Today, only about 15 percent to 20 percent of pancreatic cancer patients are candidates for surgery, Haab noted.

He said if the disease could be detected earlier, a much higher percentage of patients would be candidates for surgery and chemotherapy would likely be more effective, as well.

Two scientists in Haab’s lab are using antibody microarray technology to gather complex protein measurements from pancreatic cancer patients and non-cancerous patients.

The technology enables scientists to measure dozens and dozens of proteins simultaneously out of small sample volumes, thus speeding the pace of research.

It also allows them to test many different proteins for their ability to distinguish pancreatic cancer patients from non-cancerous patients in the control group, Haab said.

“We measure on the order of about 100 different proteins. That’s a big advance over previous technologies which allowed you to measure just one or two or a handful of proteins at a time.”

Haab’s team is looking at blood proteins of pancreatic cancer patients, healthy people, and patients with pancreatitis, a benign disease involving inflammation or infection of the pancreas.

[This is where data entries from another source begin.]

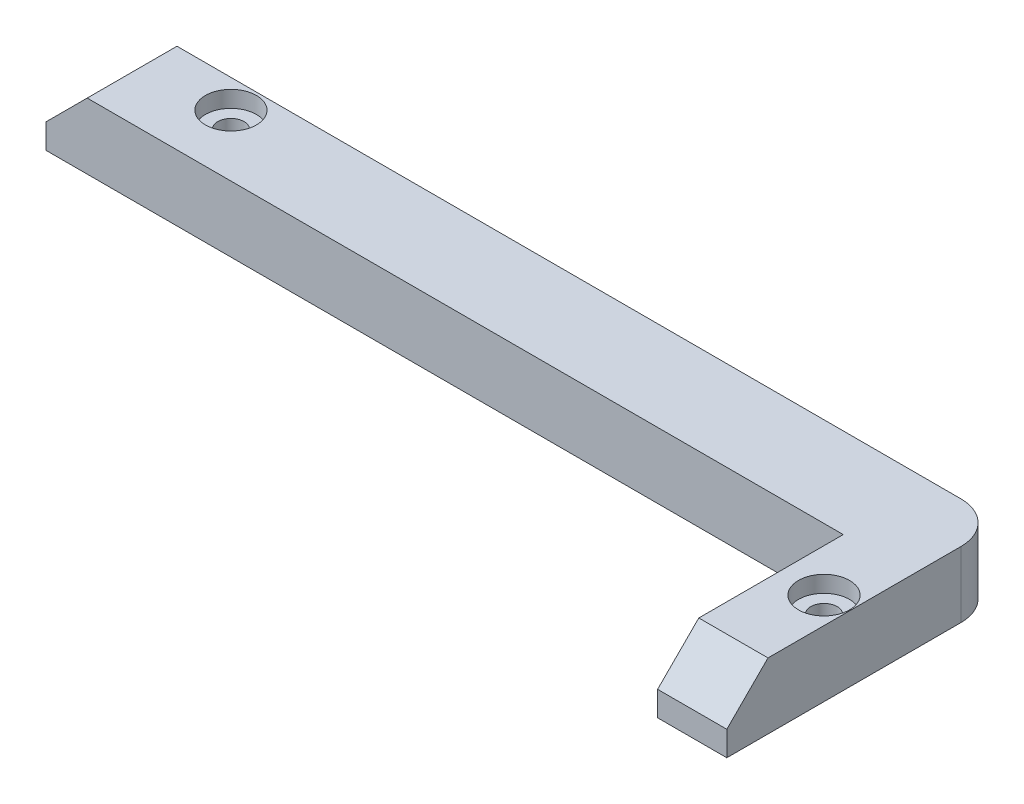
SolidWorks part; units mm, degrees
ref_plane "前视基准面" through (0, 0, 0) normal (0, 0, 1) x (1, 0, 0)
ref_plane "上视基准面" through (0, 0, 0) normal (0, 1, 0) x (1, 0, 0)
ref_plane "右视基准面" through (0, 0, 0) normal (1, 0, 0) x (0, 0, -1)
other "Configuration Table"
sketch "草图1" plane through (0, 0, 0) normal (0, 1, 0) x (1, 0, 0)
  line L1 (0, 0) -> (337.35, 0)
  line L2 (0, 0) -> (0, 116.87)
  line L3 (0, 116.87) -> (337.35, 116.87)
  line L4 (337.35, 0) -> (337.35, 116.87)
  line L5 (6.9, 109.97) -> (330.95, 109.97)
  line L6 (6.9, 109.97) -> (6.9, 6.9)
  line L7 (6.9, 6.9) -> (330.95, 6.9)
  line L8 (330.95, 109.97) -> (330.95, 6.9)
  dimension "D1" = 116.87
  dimension "D2" = 337.35
  dimension "D3" = 6.9
  dimension "D4" = 6.4
  dimension "D5" = 6.9
  dimension "D6" = 6.9
extrude "凸台-拉伸1" add sketch "草图1" along normal blind 8
fillet "圆角1" radius 5 4 edges at (0, 4, 0) (0, 4, -116.87) (337.35, 4, -116.87) (337.35, 4, 0)
sketch "草图2" plane through (0, 8, 0) normal (0, 1, 0) x (1, 0, 0)
  line L0 (167.17, 132.4281) -> (167.17, -13.3473) construction
  line L1 (0, 58.435) -> (337.35, 58.435) construction
  line L2 (0, 111.87) -> (0, 5) construction
  line L3 (337.35, 5) -> (337.35, 111.87) construction
  line L4 (23.7897, 113.42) -> (281.2218, 113.42) construction
  line L5 (3.45, 113.0437) -> (3.45, 3.45) construction
  line L6 (3.45, 3.45) -> (334.15, 3.45) construction
  line L7 (334.15, 3.45) -> (334.15, 110.0858) construction
  line L8 (332.35, 116.87) -> (5, 116.87) construction
  line L9 (330.95, 109.97) -> (6.9, 109.97) construction
  line L10 (6.9, 109.97) -> (6.9, 6.9) construction
  line L11 (6.9, 6.9) -> (330.95, 6.9) construction
  line L12 (5, 0) -> (332.35, 0) construction
  line L13 (330.95, 6.9) -> (330.95, 109.97) construction
  point P26 (87.17, 113.42)
  point P27 (247.17, 113.42)
  point P28 (247.17, 3.45)
  point P29 (87.17, 3.45)
  point P30 (3.45, 18.435)
  point P31 (334.15, 98.435)
  point P32 (3.45, 98.435)
  point P33 (334.15, 18.435)
  dimension "D1" = 167.17
  dimension "D2" = 160
  dimension "D3" = 80
hole_wizard "Ø3.2 (3.2) 直径孔1" positions "草图3" profile "草图4" hole size "Ø3.2" standard "ANSI Metric" end condition through all
sketch "草图3" plane through (0, 8, 0) normal (0, 1, 0) x (1, 0, 0)
  point P0 (3.45, 98.435)
  point P3 (87.17, 113.42)
  point P6 (247.17, 113.42)
  point P9 (334.15, 98.435)
  point P12 (334.15, 18.435)
  point P15 (247.17, 3.45)
  point P18 (87.17, 3.45)
  point P21 (3.45, 18.435)
sketch "草图4" plane through (3.45, 8, -98.435) normal (1, 0, 0) x (0, 0, 1)
  line L0 (0, 0) -> (0, 8)
  line L1 (0, 8) -> (1.6, 8)
  line L2 (1.6, 8) -> (1.6, 0)
  line L5 (1.6, 0) -> (0, 0)
  line L11 (0, -6.35) -> (0, 107.95) construction
  dimension "通孔孔直径" = 3.2
  dimension "通孔孔深度" = 8
sketch "草图5" plane through (0, 0, -109.97) normal (0, 0, 1) x (1, 0, 0)
  line L0 (330.95, 0) -> (6.9, 0) construction
  line L1 (41.9, 0) -> (73.9, 0)
  line L2 (41.9, 0) -> (41.9, 1.5)
  line L3 (41.9, 1.5) -> (73.9, 1.5)
  line L4 (73.9, 0) -> (73.9, 1.5)
  line L5 (6.9, 8) -> (6.9, 0) construction
  dimension "D1" = 35
  dimension "D2" = 32
  dimension "D3" = 1.5
extrude "切除-拉伸1" cut sketch "草图5" against normal through all
sketch "草图6" plane through (0, 0, -109.97) normal (0, 0, 1) x (1, 0, 0)
  line L0 (330.95, 8) -> (6.9, 8) construction
  line L1 (41.9, 0) -> (38.9, 0)
  line L2 (41.9, 0) -> (41.9, 8)
  line L3 (41.9, 8) -> (38.9, 8)
  line L4 (38.9, 0) -> (38.9, 8)
  dimension "D1" = 3
extrude "凸台-拉伸2" add sketch "草图6" along normal up to next
sketch "草图7" plane through (0, 0, -109.97) normal (0, 0, 1) x (1, 0, 0)
  line L1 (73.9, 0) -> (330.95, 0)
  line L2 (73.9, 0) -> (73.9, 8)
  line L3 (73.9, 8) -> (330.95, 8)
  line L4 (330.95, 0) -> (330.95, 8)
extrude "凸台-拉伸3" add sketch "草图7" along normal blind 4
sketch "草图8" plane through (0, 0, 0) normal (0, -1, 0) x (1, 0, 0)
  line L1 (330.95, -105.97) -> (73.9, -105.97)
  line L2 (330.95, -105.97) -> (330.95, -109.97)
  line L3 (330.95, -109.97) -> (73.9, -109.97)
  line L4 (73.9, -105.97) -> (73.9, -109.97)
extrude "凸台-拉伸4" add sketch "草图8" along normal blind 3
sketch "草图9" plane through (0, 8, 0) normal (0, 1, 0) x (1, 0, 0)
  circle A0 centre (137.8085, 107.33) radius 3.5
  circle A1 centre (328.3085, 74.31) radius 3.5
  circle A2 centre (328.3085, 13.35) radius 3.5
  circle A3 centre (262.2685, 9.54) radius 3.5
  circle A4 centre (92.0885, 9.54) radius 3.5
  circle A5 centre (22.2385, 9.54) radius 3.5
  circle A6 centre (9.5385, 23.51) radius 3.5
  circle A7 centre (9.5385, 103.52) radius 3.5
  dimension "D1" = 7
sketch "草图11" plane through (330.95, 0, 0) normal (-1, 0, 0) x (0, 0, 1)
  line L1 (-6.9, 8) -> (-105.97, 8)
  line L2 (-6.9, 8) -> (-6.9, -3)
  line L3 (-6.9, -3) -> (-105.97, -3)
  line L4 (-105.97, 8) -> (-105.97, -3)
extrude "凸台-拉伸5" add sketch "草图11" along normal blind 2
sketch "草图13" plane through (0, 0, -105.97) normal (0, 0, 1) x (1, 0, 0)
  line L0 (328.95, 8) -> (73.9, 8) construction
  line L1 (328.95, -3) -> (286.95, -3)
  line L2 (328.95, -3) -> (328.95, 1.5)
  line L3 (328.95, 1.5) -> (286.95, 1.5)
  line L4 (286.95, -3) -> (286.95, 1.5)
  dimension "D1" = 6.5
  dimension "D2" = 42
extrude "切除-拉伸2" cut sketch "草图13" against normal through all
sketch "草图14" plane through (0, 0, -6.9) normal (0, 0, -1) x (-1, 0, 0)
  line L0 (-41.9, 0) -> (-328.95, 0) construction
  line L1 (-233.95, 0) -> (-112.45, 0)
  line L2 (-233.95, 0) -> (-233.95, 1.5)
  line L3 (-233.95, 1.5) -> (-112.45, 1.5)
  line L4 (-112.45, 0) -> (-112.45, 1.5)
  line L6 (-41.9, 8) -> (-328.95, 8) construction
  line L7 (-328.95, 0) -> (-328.95, 8) construction
  dimension "D1" = 6.5
  dimension "D2" = 95
  dimension "D3" = 216.5
extrude "切除-拉伸3" cut sketch "草图14" against normal through all
sketch "草图16" plane through (0, 0, -109.97) normal (0, 0, 1) x (1, 0, 0)
  line L1 (41.9, 8) -> (73.9, 8)
  line L2 (41.9, 8) -> (41.9, 1.5)
  line L3 (41.9, 1.5) -> (73.9, 1.5)
  line L4 (73.9, 8) -> (73.9, 1.5)
extrude "凸台-拉伸7" add sketch "草图16" along normal up to surface (4 mm away)
sketch "草图17" plane through (330.95, 0, 0) normal (1, 0, 0) x (0, 0, -1)
  line L8 (109.97, -3) -> (109.97, 0)
  line L9 (109.97, 0) -> (6.9, 0)
  line L10 (6.9, 0) -> (6.9, -3)
  line L11 (6.9, -3) -> (109.97, -3)
  line L12 (109.97, -3) -> (109.97, 0)
  line L13 (109.97, 0) -> (6.9, 0)
  line L14 (6.9, 0) -> (6.9, -3)
  line L15 (6.9, -3) -> (109.97, -3)
  dimension "D1" = 0
extrude "切除-拉伸4" cut sketch "草图17" against normal blind 0.1
sketch "草图18" plane through (0, 0, -6.9) normal (0, 0, -1) x (-1, 0, 0)
  line L16 (-233.95, 0) -> (-233.95, 1.5)
  line L17 (-233.95, 1.5) -> (-112.45, 1.5)
  line L18 (-112.45, 1.5) -> (-112.45, 0)
  line L19 (-112.45, 0) -> (-41.9, 0)
  line L20 (-41.9, 0) -> (-41.9, 8)
  line L21 (-41.9, 8) -> (-328.95, 8)
  line L22 (-328.95, 8) -> (-328.95, 0)
  line L23 (-328.95, 0) -> (-233.95, 0)
  line L24 (-233.95, 0) -> (-233.95, 1.5)
  line L25 (-233.95, 1.5) -> (-112.45, 1.5)
  line L26 (-112.45, 1.5) -> (-112.45, 0)
  line L27 (-112.45, 0) -> (-41.9, 0)
  line L28 (-41.9, 0) -> (-41.9, 8)
  line L29 (-41.9, 8) -> (-328.95, 8)
  line L30 (-328.95, 8) -> (-328.95, 0)
  line L31 (-328.95, 0) -> (-233.95, 0)
  dimension "D1" = 0
extrude "凸台-拉伸8" add sketch "草图18" along normal blind 2
sketch "草图19" plane through (0, 0, 0) normal (0, -1, 0) x (1, 0, 0)
  line L0 (112.45, 0) -> (112.45, -8.9) construction
  line L1 (41.9, -8.9) -> (112.45, -8.9)
  line L2 (41.9, -8.9) -> (41.9, -6.9)
  line L3 (41.9, -6.9) -> (112.45, -6.9)
  line L4 (112.45, -8.9) -> (112.45, -6.9)
  line L6 (233.95, -8.9) -> (328.95, -8.9)
  line L7 (233.95, -8.9) -> (233.95, -6.9)
  line L8 (233.95, -6.9) -> (328.95, -6.9)
  line L9 (328.95, -8.9) -> (328.95, -6.9)
  dimension "D1" = 2
extrude "凸台-拉伸9" add sketch "草图19" along normal up to surface (3 mm away) up to face at (329.9, -3, -58.435)
sketch "草图10" plane through (0, -3, 0) normal (0, -1, 0) x (1, 0, 0)
  circle A2 centre (137.8085, -107.33) radius 3.5
  circle A3 centre (137.8085, -107.33) radius 3.5
  dimension "D1" = 0
sketch "草图20" plane through (0, -3, 0) normal (0, -1, 0) x (1, 0, 0)
  circle A58 centre (92.0885, -9.54) radius 3.5
  circle A59 centre (92.0885, -9.54) radius 3.5
  circle A120 centre (262.2685, -9.54) radius 3.5
  circle A121 centre (262.2685, -9.54) radius 3.5
  circle A123 centre (328.3085, -13.35) radius 3.5
  circle A124 centre (328.3085, -13.35) radius 3.5
  circle A126 centre (328.3085, -74.31) radius 3.5
  circle A127 centre (328.3085, -74.31) radius 3.5
  circle A129 centre (137.8085, -107.33) radius 3.5
  circle A130 centre (137.8085, -107.33) radius 3.5
  circle A132 centre (22.2385, -9.54) radius 3.5
  circle A133 centre (22.2385, -9.54) radius 3.5
  circle A135 centre (9.5385, -23.51) radius 3.5
  circle A136 centre (9.5385, -23.51) radius 3.5
  circle A138 centre (9.5385, -103.52) radius 3.5
  circle A139 centre (9.5385, -103.52) radius 3.5
  dimension "D1" = 0
  dimension "D2" = 0
  dimension "D3" = 0
  dimension "D4" = 0
  dimension "D5" = 0
  dimension "D6" = 0
  dimension "D7" = 0
  dimension "D8" = 0
extrude "切除-拉伸5" cut sketch "草图20" against normal blind 4
sketch "草图21" plane through (0, 8, 0) normal (0, 1, 0) x (1, 0, 0)
  circle A2 centre (87.17, 113.42) radius 3.1
  circle A3 centre (87.17, 113.42) radius 3.1
  circle A5 centre (247.17, 113.42) radius 3.1
  circle A6 centre (247.17, 113.42) radius 3.1
  circle A8 centre (334.15, 98.435) radius 3.1
  circle A9 centre (334.15, 98.435) radius 3.1
  circle A11 centre (334.15, 18.435) radius 3.1
  circle A12 centre (334.15, 18.435) radius 3.1
  circle A14 centre (247.17, 3.45) radius 3.1
  circle A15 centre (247.17, 3.45) radius 3.1
  circle A17 centre (87.17, 3.45) radius 3.1
  circle A18 centre (87.17, 3.45) radius 3.1
  circle A20 centre (3.45, 18.435) radius 3.1
  circle A21 centre (3.45, 18.435) radius 3.1
  circle A23 centre (3.45, 98.435) radius 3.1
  circle A24 centre (3.45, 98.435) radius 3.1
  dimension "D1" = 1.5
  dimension "D2" = 1.5
  dimension "D3" = 1.5
  dimension "D4" = 1.5
  dimension "D5" = 1.5
  dimension "D6" = 1.5
  dimension "D7" = 1.5
  dimension "D8" = 1.5
extrude "切除-拉伸6" cut sketch "草图21" against normal blind 2
ref_plane "基准面1" through (0, 4, 0) normal (0, 1, 0) x (1, 0, 0)
sketch "草图22" plane through (0, 4, 0) normal (0, 1, 0) x (1, 0, 0)
  line L0 (6.9, 106.97) -> (12.9, 106.97) construction
  line L1 (6.9, 109.97) -> (12.9, 109.97)
  line L2 (6.9, 109.97) -> (6.9, 103.97)
  line L3 (6.9, 103.97) -> (12.9, 103.97)
  line L4 (12.9, 109.97) -> (12.9, 103.97)
  line L5 (38.9, 109.97) -> (32.9, 109.97)
  line L6 (38.9, 109.97) -> (38.9, 103.97)
  line L7 (38.9, 103.97) -> (32.9, 103.97)
  line L8 (32.9, 109.97) -> (32.9, 103.97)
  line L9 (6.9, 6.9) -> (12.9, 6.9)
  line L10 (6.9, 6.9) -> (6.9, 12.9)
  line L11 (6.9, 12.9) -> (12.9, 12.9)
  line L12 (12.9, 6.9) -> (12.9, 12.9)
  line L13 (38.9, 6.9) -> (32.9, 6.9)
  line L14 (38.9, 6.9) -> (38.9, 12.9)
  line L15 (38.9, 12.9) -> (32.9, 12.9)
  line L16 (32.9, 6.9) -> (32.9, 12.9)
  line L17 (32.9, 106.97) -> (38.9, 106.97) construction
  line L18 (6.9, 9.9) -> (12.9, 9.9) construction
  line L19 (32.9, 9.9) -> (38.9, 9.9) construction
  circle A0 centre (9.9, 106.97) radius 1.5
  circle A1 centre (35.9, 106.97) radius 1.5
  circle A2 centre (9.9, 9.9) radius 1.5
  circle A3 centre (35.9, 9.9) radius 1.5
  dimension "D2" = 3
  dimension "D1" = 6
extrude "凸台-拉伸10" add sketch "草图22" along normal offset from surface 2 and the other way offset from surface (3 mm away) 1 up to face at (3.45, 8, -95.335) other way up to face at (16.1954, 0, -50.074)
sketch "草图23" plane through (0, 0, 0) normal (-1, 0, 0) x (0, 0, 1)
  line L0 (-111.87, 0) -> (-5, 0) construction
  line L1 (-58.435, 0) -> (-43.435, 0)
  line L2 (-58.435, 0) -> (-58.435, 1.5)
  line L3 (-58.435, 1.5) -> (-43.435, 1.5)
  line L4 (-43.435, 0) -> (-43.435, 1.5)
  line L6 (-58.435, 0) -> (-68.435, 0)
  line L7 (-58.435, 0) -> (-58.435, 1.5)
  line L8 (-58.435, 1.5) -> (-68.435, 1.5)
  line L9 (-68.435, 0) -> (-68.435, 1.5)
  line M9 (-111.87, 0) -> (-5, 0)
  dimension "D1" = 1.5
  dimension "D2" = 15
  dimension "D3" = 10
extrude "切除-拉伸7" cut sketch "草图23" against normal up to surface (6.9 mm away) contours L9 L2 L8 M9 | L4 L3 L2 M9 up to face at (6.9, 2.875, -48.61)
sketch "草图24" plane through (337.35, 0, 0) normal (1, 0, 0) x (0, 0, -1)
  line L1 (6.9, 0) -> (109.97, 0)
  line L2 (6.9, 0) -> (6.9, -3)
  line L3 (6.9, -3) -> (109.97, -3)
  line L4 (109.97, 0) -> (109.97, -3)
extrude "切除-拉伸8" cut sketch "草图24" against normal through all
sketch "草图25" plane through (0, 8, 0) normal (0, 1, 0) x (1, 0, 0)
  line L1 (232.17, 117.9857) -> (345.6852, 117.9857)
  line L2 (232.17, 117.9857) -> (232.17, 83.435)
  line L3 (232.17, 83.435) -> (345.6852, 83.435)
  line L4 (345.6852, 117.9857) -> (345.6852, 83.435)
  line L5 (-28.704, 160.2755) -> (437.7923, 160.2755)
  line L6 (-28.704, 160.2755) -> (-28.704, -43.3563)
  line L7 (-28.704, -43.3563) -> (437.7923, -43.3563)
  line L8 (437.7923, 160.2755) -> (437.7923, -43.3563)
  dimension "D1" = 15
  dimension "D2" = 15
extrude "切除-拉伸9" cut sketch "草图25" against normal through all
chamfer "倒角1" distance 5 angle 45 2 edges at (333.15, 8, -83.435) (232.17, 8, -111.42)
sketch "草图26" plane through (0, 1.5, 0) normal (0, -1, 0) x (1, 0, 0)
  line L4 (328.95, -105.97) -> (286.95, -105.97)
  line L5 (286.95, -105.97) -> (286.95, -116.87)
  line L6 (286.95, -116.87) -> (328.95, -116.87)
  line L7 (328.95, -116.87) -> (328.95, -105.97)
  line L8 (328.95, -105.97) -> (286.95, -105.97)
  line L9 (286.95, -105.97) -> (286.95, -116.87)
  line L10 (286.95, -116.87) -> (328.95, -116.87)
  line L11 (328.95, -116.87) -> (328.95, -105.97)
  dimension "D1" = 0
extrude "凸台-拉伸11" add sketch "草图26" along normal up to surface (1.5 mm away) up to face at (247.17, 0, -111.82)

“It’s really important to distinguish cancer from benign disease because you don’t want to have false positive readings.” Haab explained. “So you need those patients in the set that have a benign disease but do not have cancer.”

He said there are many proteins that have altered abundances in the blood in association with pancreatic cancer, but there are many benign conditions that also can cause elevated protein levels.

So even though there’s a statistical association in the population at large, he said, that association is not strong enough to be practically useful in the clinic.

“We can look at the use of combinations of proteins as a signature. If you combine them together and measure them together, there is a signature pattern of these proteins that is different in pancreatic cancer patients.

“So we are identifying individual proteins and combinations of proteins that change in a coordinated fashion and are different in pancreatic cancer patients as compared to controls.”

The blood samples of pancreatic cancer patients are coming from three sources: Yale University, Evanston Northwestern Healthcare Corp. of Illinois, and from VARI Scientific Investigator Han-Mo Koo, Ph.D., who has been collecting samples from West Michigan hospitals for use in clinical trials.

Haab estimates the two-year study will involve 60 pancreatic cancer patients and about 30 patients with pancreatitis.

As part of the study, VARI scientists will look at the blood serum of healthy people, as well as blood samples from other cancers of the gastrointestinal tract such as colon cancer, to see how they compare to pancreatic cancer.

Blood samples are a little easier to come by than tumor tissue samples, because blood can be accessed with minimal invasiveness, he noted.

“Blood is used for routine screening. So if we find something in the blood that’s a strong indicator of pancreatic cancer, then that opens up the possibility that it can be used for annual screening.”